Und während der „Westen“ mit dem Heiligen Krieg flirtet, haben Beijings staatliche Unternehmen wie verrückt im ganzen Nahen Osten, Nordafrika und Südamerika Rohstoffe aufgekauft und horten seltene Erden als strategische Reserve. China produziert nicht weniger als 97% der seltenen Erden der Welt, die für alles gebraucht werden – von iPads bis zu den glänzenden neuen Raketen, die jetzt in der arabischen Wüste braten.

Andere Nebeneffekte der „Heimzahlung“ für die Umgehung der UNO und der Besessenheit der NATO als Robocop [US- Science fiction Film mit einem Roboter-Polizisten. A. d. Ü.] aufzutreten, werden unausweichlich sein. Es sollte nicht vergessen werden, dass der Heilige Krieg gegen Syrien ein Zwischenstop für den Weg nach Teheran ist. Zum Beispiel ist ein neues System der maritimen Versicherung und ein neuer internationaler Wechselkursmechanismus – unter Umgehung der westlichen Diktate – im Entstehen begriffen.
Doch das wichtigste Element kann eine konzertierte Aktion von Russland, Iran und China sein, den globalen Energie-Markt neu zu organisieren außerhalb des Petrodollars.
Washington schneidet also Iran von SWIFT ab – dem internationalen Banken-Clearing-System? Da schlägt Irans Zentralbank zurück; wenn ihr mit uns Geschäfte machen wollt, könnt ihr in jeder Währung zahlen außer mit US-Dollars oder auch in Gold.
Dies ist der Heilige Gral des Heiligen Krieges – nicht Syrien; eine Sache ist es für Teheran, Euros als Zahlungsmittel zu akzeptieren, eine andere Sache ist es, Gold zu akzeptieren. Und obendrein mit der vollen Unterstützung von sowohl Russland als auch China.

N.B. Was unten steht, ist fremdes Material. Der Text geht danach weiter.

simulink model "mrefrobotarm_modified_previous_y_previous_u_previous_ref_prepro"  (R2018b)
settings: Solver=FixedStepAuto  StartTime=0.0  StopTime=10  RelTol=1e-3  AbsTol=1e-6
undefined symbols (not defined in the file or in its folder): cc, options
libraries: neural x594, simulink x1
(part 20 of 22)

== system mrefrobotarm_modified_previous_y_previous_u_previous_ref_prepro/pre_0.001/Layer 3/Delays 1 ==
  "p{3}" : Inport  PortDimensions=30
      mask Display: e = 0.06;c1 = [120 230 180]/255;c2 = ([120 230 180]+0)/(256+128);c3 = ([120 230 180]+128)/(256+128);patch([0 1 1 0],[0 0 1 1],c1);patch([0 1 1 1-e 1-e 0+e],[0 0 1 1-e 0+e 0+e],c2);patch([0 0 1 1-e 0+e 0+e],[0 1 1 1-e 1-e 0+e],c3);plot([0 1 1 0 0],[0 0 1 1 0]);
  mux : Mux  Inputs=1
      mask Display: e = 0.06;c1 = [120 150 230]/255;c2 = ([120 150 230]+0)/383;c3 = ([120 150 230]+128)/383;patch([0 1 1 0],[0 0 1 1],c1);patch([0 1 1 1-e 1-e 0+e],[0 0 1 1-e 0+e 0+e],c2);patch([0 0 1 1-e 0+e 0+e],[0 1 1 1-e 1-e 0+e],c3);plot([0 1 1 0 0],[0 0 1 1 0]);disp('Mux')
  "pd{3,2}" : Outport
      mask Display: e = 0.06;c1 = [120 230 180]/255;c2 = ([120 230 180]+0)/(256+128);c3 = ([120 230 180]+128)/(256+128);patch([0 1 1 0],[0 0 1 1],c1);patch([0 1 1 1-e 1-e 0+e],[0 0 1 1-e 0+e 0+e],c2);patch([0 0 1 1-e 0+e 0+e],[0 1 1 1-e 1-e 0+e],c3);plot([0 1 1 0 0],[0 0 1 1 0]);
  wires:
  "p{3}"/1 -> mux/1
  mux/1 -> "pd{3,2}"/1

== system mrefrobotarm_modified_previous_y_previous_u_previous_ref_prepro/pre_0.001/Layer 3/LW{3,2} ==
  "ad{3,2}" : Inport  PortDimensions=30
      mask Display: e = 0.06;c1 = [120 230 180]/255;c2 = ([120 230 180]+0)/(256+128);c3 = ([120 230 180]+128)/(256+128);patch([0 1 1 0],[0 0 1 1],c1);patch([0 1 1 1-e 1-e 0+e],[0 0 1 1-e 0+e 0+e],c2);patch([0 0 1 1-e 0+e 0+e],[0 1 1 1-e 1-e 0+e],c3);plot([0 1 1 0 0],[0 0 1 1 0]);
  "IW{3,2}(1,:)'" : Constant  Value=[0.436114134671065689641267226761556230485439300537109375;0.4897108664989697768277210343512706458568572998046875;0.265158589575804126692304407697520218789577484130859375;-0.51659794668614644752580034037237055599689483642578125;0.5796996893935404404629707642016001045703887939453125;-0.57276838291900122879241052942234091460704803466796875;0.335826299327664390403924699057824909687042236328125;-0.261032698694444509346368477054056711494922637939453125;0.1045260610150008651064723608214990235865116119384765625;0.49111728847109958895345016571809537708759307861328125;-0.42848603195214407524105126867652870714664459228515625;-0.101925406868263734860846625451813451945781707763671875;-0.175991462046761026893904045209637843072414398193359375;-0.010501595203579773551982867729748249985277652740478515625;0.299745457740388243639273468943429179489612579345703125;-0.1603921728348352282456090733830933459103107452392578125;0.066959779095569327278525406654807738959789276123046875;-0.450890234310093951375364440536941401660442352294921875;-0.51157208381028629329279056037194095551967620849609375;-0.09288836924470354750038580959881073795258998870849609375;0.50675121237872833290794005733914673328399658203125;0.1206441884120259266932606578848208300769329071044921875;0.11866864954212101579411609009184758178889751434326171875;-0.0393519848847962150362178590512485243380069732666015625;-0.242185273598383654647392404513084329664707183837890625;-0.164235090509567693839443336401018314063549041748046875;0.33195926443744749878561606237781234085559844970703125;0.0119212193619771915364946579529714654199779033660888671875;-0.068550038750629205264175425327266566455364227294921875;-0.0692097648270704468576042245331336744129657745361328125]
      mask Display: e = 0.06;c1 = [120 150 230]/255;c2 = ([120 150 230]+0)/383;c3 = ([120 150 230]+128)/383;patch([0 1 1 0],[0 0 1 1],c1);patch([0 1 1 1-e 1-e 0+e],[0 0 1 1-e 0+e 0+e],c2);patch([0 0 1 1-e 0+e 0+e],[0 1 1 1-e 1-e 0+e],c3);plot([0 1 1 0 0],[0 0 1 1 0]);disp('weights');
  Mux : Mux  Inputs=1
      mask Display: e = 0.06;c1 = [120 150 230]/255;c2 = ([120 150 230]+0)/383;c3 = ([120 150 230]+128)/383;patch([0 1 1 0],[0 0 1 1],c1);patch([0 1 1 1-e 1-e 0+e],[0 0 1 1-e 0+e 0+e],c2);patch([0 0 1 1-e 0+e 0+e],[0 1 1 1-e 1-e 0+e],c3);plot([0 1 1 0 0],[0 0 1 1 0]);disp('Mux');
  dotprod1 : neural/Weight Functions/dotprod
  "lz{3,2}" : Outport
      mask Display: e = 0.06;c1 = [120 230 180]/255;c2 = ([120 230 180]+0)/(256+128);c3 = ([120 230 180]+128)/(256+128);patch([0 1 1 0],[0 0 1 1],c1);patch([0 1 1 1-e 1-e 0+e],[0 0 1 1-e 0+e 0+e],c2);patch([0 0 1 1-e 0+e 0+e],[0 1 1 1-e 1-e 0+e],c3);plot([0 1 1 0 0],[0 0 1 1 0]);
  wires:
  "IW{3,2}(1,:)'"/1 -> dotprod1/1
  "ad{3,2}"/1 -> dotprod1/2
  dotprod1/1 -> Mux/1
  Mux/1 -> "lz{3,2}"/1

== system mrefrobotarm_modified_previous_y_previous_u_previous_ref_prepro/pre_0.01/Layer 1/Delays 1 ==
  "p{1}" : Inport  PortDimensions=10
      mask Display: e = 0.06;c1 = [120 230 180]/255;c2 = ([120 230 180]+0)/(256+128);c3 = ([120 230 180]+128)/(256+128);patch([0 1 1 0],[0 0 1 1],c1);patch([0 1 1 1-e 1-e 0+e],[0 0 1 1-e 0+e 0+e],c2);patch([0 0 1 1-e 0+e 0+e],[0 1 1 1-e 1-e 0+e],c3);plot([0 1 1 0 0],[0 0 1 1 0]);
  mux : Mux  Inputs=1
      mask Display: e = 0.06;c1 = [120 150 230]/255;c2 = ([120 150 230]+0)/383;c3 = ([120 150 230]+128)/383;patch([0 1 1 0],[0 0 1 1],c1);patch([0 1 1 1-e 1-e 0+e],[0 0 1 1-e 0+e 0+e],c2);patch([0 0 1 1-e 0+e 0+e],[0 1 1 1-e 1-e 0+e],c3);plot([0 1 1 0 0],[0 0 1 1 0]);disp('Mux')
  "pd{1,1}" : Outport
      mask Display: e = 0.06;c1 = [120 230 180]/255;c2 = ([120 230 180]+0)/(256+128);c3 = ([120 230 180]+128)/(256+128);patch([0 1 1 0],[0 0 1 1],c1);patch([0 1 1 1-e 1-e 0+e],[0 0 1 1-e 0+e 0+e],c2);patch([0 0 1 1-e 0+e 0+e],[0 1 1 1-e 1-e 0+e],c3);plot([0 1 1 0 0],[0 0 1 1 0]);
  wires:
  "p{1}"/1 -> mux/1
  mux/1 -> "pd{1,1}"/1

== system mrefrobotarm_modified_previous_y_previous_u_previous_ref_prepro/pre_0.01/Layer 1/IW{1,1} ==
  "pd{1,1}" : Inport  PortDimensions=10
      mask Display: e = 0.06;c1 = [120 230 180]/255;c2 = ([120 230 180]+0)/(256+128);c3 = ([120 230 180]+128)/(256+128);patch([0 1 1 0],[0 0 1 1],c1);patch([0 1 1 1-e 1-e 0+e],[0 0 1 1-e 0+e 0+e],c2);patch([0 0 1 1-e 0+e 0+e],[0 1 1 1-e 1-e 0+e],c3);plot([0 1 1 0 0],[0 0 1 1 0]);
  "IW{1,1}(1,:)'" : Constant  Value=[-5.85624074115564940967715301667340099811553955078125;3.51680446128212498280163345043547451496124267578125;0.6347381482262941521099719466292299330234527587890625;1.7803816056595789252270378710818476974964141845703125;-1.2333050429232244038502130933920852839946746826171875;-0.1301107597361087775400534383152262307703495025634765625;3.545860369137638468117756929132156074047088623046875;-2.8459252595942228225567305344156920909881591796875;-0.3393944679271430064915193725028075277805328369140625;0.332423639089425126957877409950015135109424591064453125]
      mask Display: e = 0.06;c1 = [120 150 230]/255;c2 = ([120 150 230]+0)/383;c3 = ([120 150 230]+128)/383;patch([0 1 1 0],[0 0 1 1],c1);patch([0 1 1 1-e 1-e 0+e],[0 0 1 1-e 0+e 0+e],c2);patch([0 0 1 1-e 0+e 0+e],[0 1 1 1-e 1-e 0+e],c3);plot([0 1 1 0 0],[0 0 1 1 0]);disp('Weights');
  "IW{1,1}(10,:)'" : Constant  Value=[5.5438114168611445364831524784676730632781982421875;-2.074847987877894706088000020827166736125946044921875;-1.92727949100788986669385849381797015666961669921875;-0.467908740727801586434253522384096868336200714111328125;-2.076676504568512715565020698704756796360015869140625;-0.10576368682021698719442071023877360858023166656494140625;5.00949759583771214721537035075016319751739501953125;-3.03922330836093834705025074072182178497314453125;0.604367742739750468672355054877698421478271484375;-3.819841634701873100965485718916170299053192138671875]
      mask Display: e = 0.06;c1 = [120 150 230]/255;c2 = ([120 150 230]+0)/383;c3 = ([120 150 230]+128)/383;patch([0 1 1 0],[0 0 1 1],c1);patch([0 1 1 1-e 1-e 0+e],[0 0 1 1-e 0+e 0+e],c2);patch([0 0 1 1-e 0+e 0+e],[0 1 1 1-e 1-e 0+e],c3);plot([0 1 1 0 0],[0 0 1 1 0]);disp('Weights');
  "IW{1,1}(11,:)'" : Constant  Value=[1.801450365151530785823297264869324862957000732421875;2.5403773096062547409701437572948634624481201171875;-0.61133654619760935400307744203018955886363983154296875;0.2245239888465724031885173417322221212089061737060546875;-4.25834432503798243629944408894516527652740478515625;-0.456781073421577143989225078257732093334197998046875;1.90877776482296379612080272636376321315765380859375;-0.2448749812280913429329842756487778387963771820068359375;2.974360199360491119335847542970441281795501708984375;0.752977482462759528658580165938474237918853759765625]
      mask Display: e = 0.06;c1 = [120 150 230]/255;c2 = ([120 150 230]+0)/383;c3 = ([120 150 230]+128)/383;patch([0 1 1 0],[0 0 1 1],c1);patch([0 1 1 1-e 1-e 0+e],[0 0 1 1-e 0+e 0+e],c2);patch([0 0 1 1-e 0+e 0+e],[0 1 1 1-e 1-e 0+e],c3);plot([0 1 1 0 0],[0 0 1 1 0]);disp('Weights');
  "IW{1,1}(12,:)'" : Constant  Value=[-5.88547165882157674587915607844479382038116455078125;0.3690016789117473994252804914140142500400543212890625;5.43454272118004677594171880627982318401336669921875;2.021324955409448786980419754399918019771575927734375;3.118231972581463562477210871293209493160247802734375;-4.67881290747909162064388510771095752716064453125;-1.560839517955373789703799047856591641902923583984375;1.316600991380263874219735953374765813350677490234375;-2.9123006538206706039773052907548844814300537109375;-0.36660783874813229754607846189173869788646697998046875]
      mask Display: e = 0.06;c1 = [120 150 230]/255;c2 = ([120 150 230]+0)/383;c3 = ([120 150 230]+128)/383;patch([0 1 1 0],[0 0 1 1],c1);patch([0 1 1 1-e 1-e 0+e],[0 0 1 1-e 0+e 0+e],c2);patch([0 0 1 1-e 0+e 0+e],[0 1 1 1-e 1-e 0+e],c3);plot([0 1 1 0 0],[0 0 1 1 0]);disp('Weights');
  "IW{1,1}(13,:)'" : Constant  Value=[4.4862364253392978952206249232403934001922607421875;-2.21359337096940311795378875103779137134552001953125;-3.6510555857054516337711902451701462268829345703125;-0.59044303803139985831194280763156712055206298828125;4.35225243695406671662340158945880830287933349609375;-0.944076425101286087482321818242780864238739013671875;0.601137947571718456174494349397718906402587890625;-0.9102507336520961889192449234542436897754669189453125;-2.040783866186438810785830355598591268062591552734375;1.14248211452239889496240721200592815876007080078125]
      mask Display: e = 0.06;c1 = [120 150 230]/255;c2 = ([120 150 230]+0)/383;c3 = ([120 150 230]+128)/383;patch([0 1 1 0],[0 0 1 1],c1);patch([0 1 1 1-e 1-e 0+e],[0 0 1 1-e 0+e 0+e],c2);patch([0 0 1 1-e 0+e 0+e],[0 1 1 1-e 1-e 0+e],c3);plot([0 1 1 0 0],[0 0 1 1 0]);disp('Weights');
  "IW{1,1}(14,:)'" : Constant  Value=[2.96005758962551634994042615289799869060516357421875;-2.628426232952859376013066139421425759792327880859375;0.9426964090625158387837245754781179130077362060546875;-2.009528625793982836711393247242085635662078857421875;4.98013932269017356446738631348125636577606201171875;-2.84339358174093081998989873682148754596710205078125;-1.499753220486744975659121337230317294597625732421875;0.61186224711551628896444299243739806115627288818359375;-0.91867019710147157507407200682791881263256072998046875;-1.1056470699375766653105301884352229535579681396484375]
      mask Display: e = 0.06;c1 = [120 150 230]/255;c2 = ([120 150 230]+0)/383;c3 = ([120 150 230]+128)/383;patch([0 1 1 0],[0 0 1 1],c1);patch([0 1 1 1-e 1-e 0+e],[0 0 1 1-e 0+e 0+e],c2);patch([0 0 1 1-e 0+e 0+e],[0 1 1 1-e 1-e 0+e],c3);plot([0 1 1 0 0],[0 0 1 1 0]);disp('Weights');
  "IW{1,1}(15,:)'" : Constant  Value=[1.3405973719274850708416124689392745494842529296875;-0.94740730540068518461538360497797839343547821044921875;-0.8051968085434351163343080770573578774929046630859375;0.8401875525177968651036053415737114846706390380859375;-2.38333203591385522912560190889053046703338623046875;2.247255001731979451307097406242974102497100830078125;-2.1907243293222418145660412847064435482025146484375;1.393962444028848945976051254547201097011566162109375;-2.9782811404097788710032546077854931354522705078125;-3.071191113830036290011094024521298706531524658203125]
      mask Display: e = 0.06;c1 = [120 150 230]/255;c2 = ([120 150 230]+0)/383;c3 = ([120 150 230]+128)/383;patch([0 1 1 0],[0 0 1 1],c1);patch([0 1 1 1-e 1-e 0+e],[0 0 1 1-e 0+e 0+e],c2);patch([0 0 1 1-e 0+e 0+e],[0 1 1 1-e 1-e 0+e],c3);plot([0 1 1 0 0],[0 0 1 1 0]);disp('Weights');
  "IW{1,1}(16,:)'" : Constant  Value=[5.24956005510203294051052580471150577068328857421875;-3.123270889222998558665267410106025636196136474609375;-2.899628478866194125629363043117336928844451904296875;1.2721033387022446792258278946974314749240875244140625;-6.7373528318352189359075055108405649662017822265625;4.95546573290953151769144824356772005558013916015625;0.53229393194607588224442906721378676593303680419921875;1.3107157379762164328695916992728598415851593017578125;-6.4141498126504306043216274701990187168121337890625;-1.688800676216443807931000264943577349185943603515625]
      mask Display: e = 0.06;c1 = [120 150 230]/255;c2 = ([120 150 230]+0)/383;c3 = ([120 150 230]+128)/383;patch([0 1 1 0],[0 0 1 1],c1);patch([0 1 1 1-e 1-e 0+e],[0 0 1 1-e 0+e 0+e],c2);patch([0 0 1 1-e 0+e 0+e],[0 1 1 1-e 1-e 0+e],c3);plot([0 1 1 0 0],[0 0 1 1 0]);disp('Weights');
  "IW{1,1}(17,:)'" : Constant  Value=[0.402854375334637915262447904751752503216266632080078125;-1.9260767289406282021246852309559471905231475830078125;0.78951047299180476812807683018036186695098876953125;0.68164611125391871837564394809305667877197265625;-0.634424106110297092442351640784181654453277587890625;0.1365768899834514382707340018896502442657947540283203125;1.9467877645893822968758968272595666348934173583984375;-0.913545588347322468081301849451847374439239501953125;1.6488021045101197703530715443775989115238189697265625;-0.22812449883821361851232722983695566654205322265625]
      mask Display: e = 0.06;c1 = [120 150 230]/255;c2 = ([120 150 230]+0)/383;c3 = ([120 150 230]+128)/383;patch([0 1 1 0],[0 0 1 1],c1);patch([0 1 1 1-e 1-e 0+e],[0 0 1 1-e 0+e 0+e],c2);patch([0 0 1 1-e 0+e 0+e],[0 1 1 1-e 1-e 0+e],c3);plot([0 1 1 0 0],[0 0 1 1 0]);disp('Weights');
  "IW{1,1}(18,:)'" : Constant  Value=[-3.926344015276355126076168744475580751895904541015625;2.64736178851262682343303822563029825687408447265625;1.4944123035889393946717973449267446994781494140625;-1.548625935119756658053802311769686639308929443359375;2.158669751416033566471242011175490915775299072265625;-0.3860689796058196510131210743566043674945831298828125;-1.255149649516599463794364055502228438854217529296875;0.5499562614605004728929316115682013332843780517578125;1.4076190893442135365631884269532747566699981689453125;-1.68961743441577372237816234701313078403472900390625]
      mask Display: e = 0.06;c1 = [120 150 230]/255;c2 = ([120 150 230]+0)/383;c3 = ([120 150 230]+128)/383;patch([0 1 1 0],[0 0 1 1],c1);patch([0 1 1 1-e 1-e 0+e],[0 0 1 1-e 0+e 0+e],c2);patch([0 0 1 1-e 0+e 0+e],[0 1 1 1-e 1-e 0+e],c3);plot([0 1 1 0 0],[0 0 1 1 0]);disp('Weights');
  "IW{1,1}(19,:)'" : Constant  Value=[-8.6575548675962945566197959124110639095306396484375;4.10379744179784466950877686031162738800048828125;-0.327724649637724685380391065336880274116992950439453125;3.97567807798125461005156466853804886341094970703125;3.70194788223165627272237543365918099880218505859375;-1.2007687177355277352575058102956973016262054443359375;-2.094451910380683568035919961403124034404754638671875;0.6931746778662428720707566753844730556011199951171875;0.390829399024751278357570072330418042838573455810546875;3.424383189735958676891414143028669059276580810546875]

Kurz und gut: das ganze Heilige Krieg-Syndrom beschleunigt das Ende des US-Dollars als globale Reservewährung. Und wenn das geschieht, wird es dann einen amerikanischen Frühling geben? Oder werden dann die US-Eliten – wie das Volk – den Mut und die Muskeln haben, Russland und China zu zwingen, den Preis zu bezahlen?